Building a highly scalable clustered web app

I hope this is a good place to start this discussion. If not, I’m happy to remove this post.

I’ve got an app that’s currently running on AWS that I would like to make highly scalable in horizontally clustered environment. I’ve got my VPC all setup and the web server resides in a private subnet behind a public facing load balancer. No data resides on the server.

My next step is to ensure that my session management code is cluster-friendly. I would like to know what people think in terms of what kind of patterns I should follow when managing session/client data, and what tips/tricks and configurations have been proven to work with Lucee apps.

The app is currently running on a single Windows Server 2012 R2 instance, but am planning to migrate over to Linux. As a first step in that transition, I’m planning to replace IIS/Boncode with NGINX, which I don’t think it will be a problem since we currently have very low traffic (NGINX on Windows is still considered beta and is not meant for large scale apps).

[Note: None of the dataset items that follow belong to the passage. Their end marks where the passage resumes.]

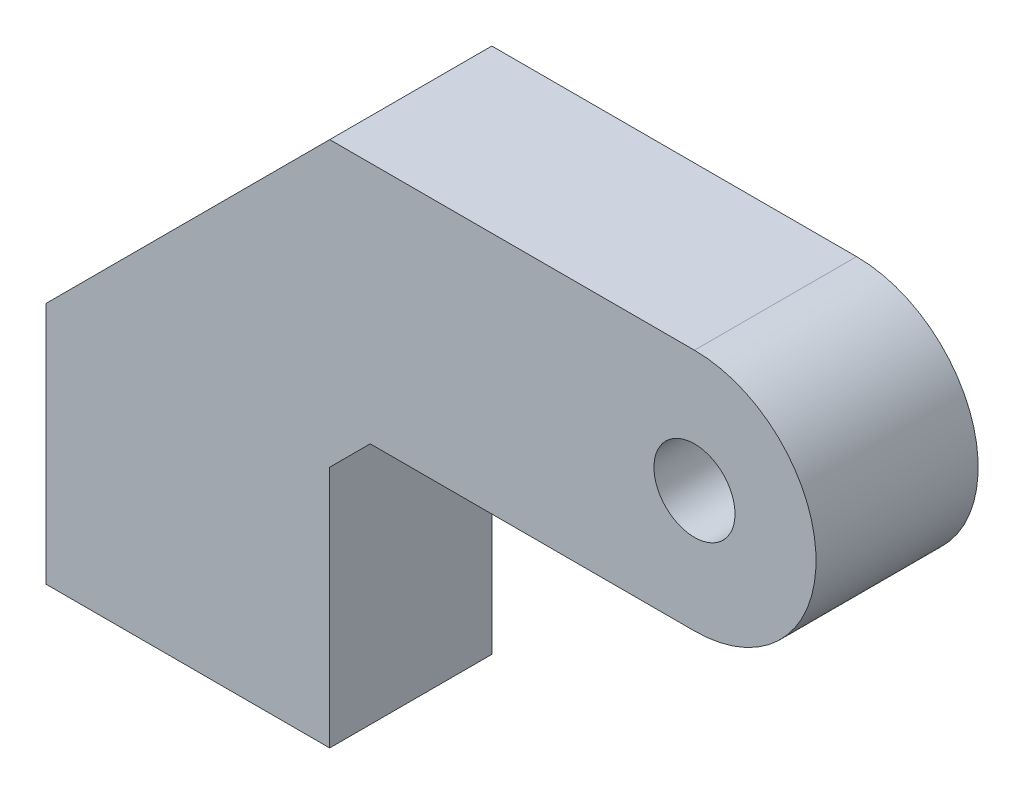
SolidWorks part; units mm, degrees
ref_plane "Front" through (0, 0, 0) normal (0, 0, 1) x (1, 0, 0)
ref_plane "Top" through (0, 0, 0) normal (0, 1, 0) x (1, 0, 0)
ref_plane "Right" through (0, 0, 0) normal (1, 0, 0) x (0, 0, -1)
sketch "Esquisse1" plane through (0, 0, 0) normal (0, 0, 1) x (1, 0, 0)
  line L0 (-7, 0) -> (7, 0)
  line L1 (7, 0) -> (7, 26)
  line L2 (7, 26) -> (-7, 26)
  line L3 (-7, 0) -> (-7, 26)
  line L4 (0, 26) -> (0, 0) construction
  dimension "D1" = 14
  dimension "D2" = 26
extrude "Boss.-Extru.1" add sketch "Esquisse1" along normal blind 8
sketch "Esquisse3" plane through (0, 0, 0) normal (0, -1, 0) x (-1, 0, 0)
  line L0 (0, 0) -> (0, -8) construction
  line L1 (7, -8) -> (-7, -8) construction
  line L2 (4, -4) -> (0, -4) construction
  circle A0 centre (4, -4) radius 1.25
  circle A1 centre (-4, -4) radius 1.25
  dimension "D1" = 2.5
  dimension "D2" = 8
extrude "Enlèv. mat.-Extru.1" cut sketch "Esquisse3" against normal blind 10
sketch "Esquisse4" plane through (0, 0, 8) normal (0, 0, 1) x (1, 0, 0)
  line L1 (7, 26) -> (31, 26)
  line L2 (7, 26) -> (7, 14)
  line L3 (7, 14) -> (31, 14)
  line L4 (31, 26) -> (31, 14)
  dimension "D1" = 12
  dimension "D2" = 24
extrude "Boss.-Extru.2" add sketch "Esquisse4" against normal up to vertex (8 mm away) up to point (7, 26, 0)
sketch "Esquisse5" plane through (0, 0, 8) normal (0, 0, 1) x (1, 0, 0)
  line L0 (31, 20) -> (25, 20) construction
  line L1 (31, 14) -> (31, 26) construction
  line L2 (-7, 26) -> (-7, 0) construction
  circle A0 centre (25, 20) radius 2
  dimension "D1" = 4
  dimension "D2" = 32
extrude "Enlèv. mat.-Extru.2" cut sketch "Esquisse5" against normal through all
chamfer "Chanfrein1" distance 14 angle 45 1 edges at (-7, 26, 4)
sketch "Esquisse6" plane through (0, 0, 8) normal (0, 0, 1) x (1, 0, 0)
  line L0 (31, 26) -> (7, 26) construction
  line L1 (7, 14) -> (31, 14) construction
  line L2 (25, 14) -> (25, 20) construction
  line L3 (25, 20) -> (25, 26) construction
  line L4 (31, 20) -> (31, 14) construction
  line L5 (25, 26) -> (32, 26)
  line L6 (32, 26) -> (32, 14)
  line L7 (32, 14) -> (25, 14)
  arc A0 (25, 26) -> (25, 14) centre (25, 20) cw
  dimension "D1" = 1
extrude "Enlèv. mat.-Extru.3" cut sketch "Esquisse6" against normal through all
chamfer "Chanfrein2" distance 2 angle 45 1 edges at (7, 14, 4)

I want to avoid sticky sessions at all costs if possible. I was thinking that I would create a standalone EHCache node to handle sessions and client data.

The app will also utilize websockets, and I expect to have at least one dedicated websocket server. I’m planning to use Igal Sapir’s extension for this, though I understand that it’s very much in the development stage.

What about my code? What patterns do I need to avoid or adhere to? Do I need to lock the session before all writes? Are there any application.cfc considerations with regard to onSessionStart() and onSessionEnd()?

Right now, my code copies the user’s season data to the request scope in onRequestStart() and then back to the season scope in onRequestEnd(). During the course of the request, all reads/writes to session data is done via methods that read or modify the request scope’s version of the session data, which will then get copied back to the session. I can see some drawbacks to this because you would need to merge your session data back to the session and not overwrite it.

I’m guessing I’ll need to use RabitHQ or something similar to manage session state between web servers and websocket servers, and to broadcast websocket messages from web servers to the websocket servers.

Any thoughts or ideas are welcome and appreciated!

1 Like

Have you considered a Docker based solution running in AWS instead? We’ve moved from EC2 instances running apps to EC2 instances running a multi-AZ node cluster and deploying containers.

You can use an AWS Elasticache memcached store for your Lucee sessions (and flag it as multi-az too).

Store as little as possible in the session scope itself. You just want the session to allow you to identify an authenticated user as they move to different members of the cluster.

We turn on sticky sessions in addition to having a central session store. You can develop strategies to try and maintain unchanging “session state” data on the instance the user first binds to. And look to refresh their “session state” if they get flicked to a different member of the cluster.

I’d try and avoid locking if possible. You’re not going to corrupt the server like the pre-Java days. The only danger is race conditions on your session data. Depending on your app these rare occurrences may be completely benign in any event.

When in AWS you might consider the various message queue services AWS offer rather than going to the trouble of building and maintaining your own.

I’m familiar with these terms but I haven’t used any of this technology yet. I definitely want to build disposable machine images and script their deployment, if that’s what you mean. I think I need to dive into Docker. I’ve played around with Packer and Vagrant a bit.

What is a multi-AZ node cluster?

Docker containers are the endpoint on the continuum for “disposable machine images”.

Multi-AZ is short hand for “multiple availability zones”. In AWS speak these are different data centres within the same region. For example, Sydney point of presence has three separate data centres.

Ah yes of course! I do have my VPC built in multiple availability zones, but obviously with one server, I’m not taking advantage of it.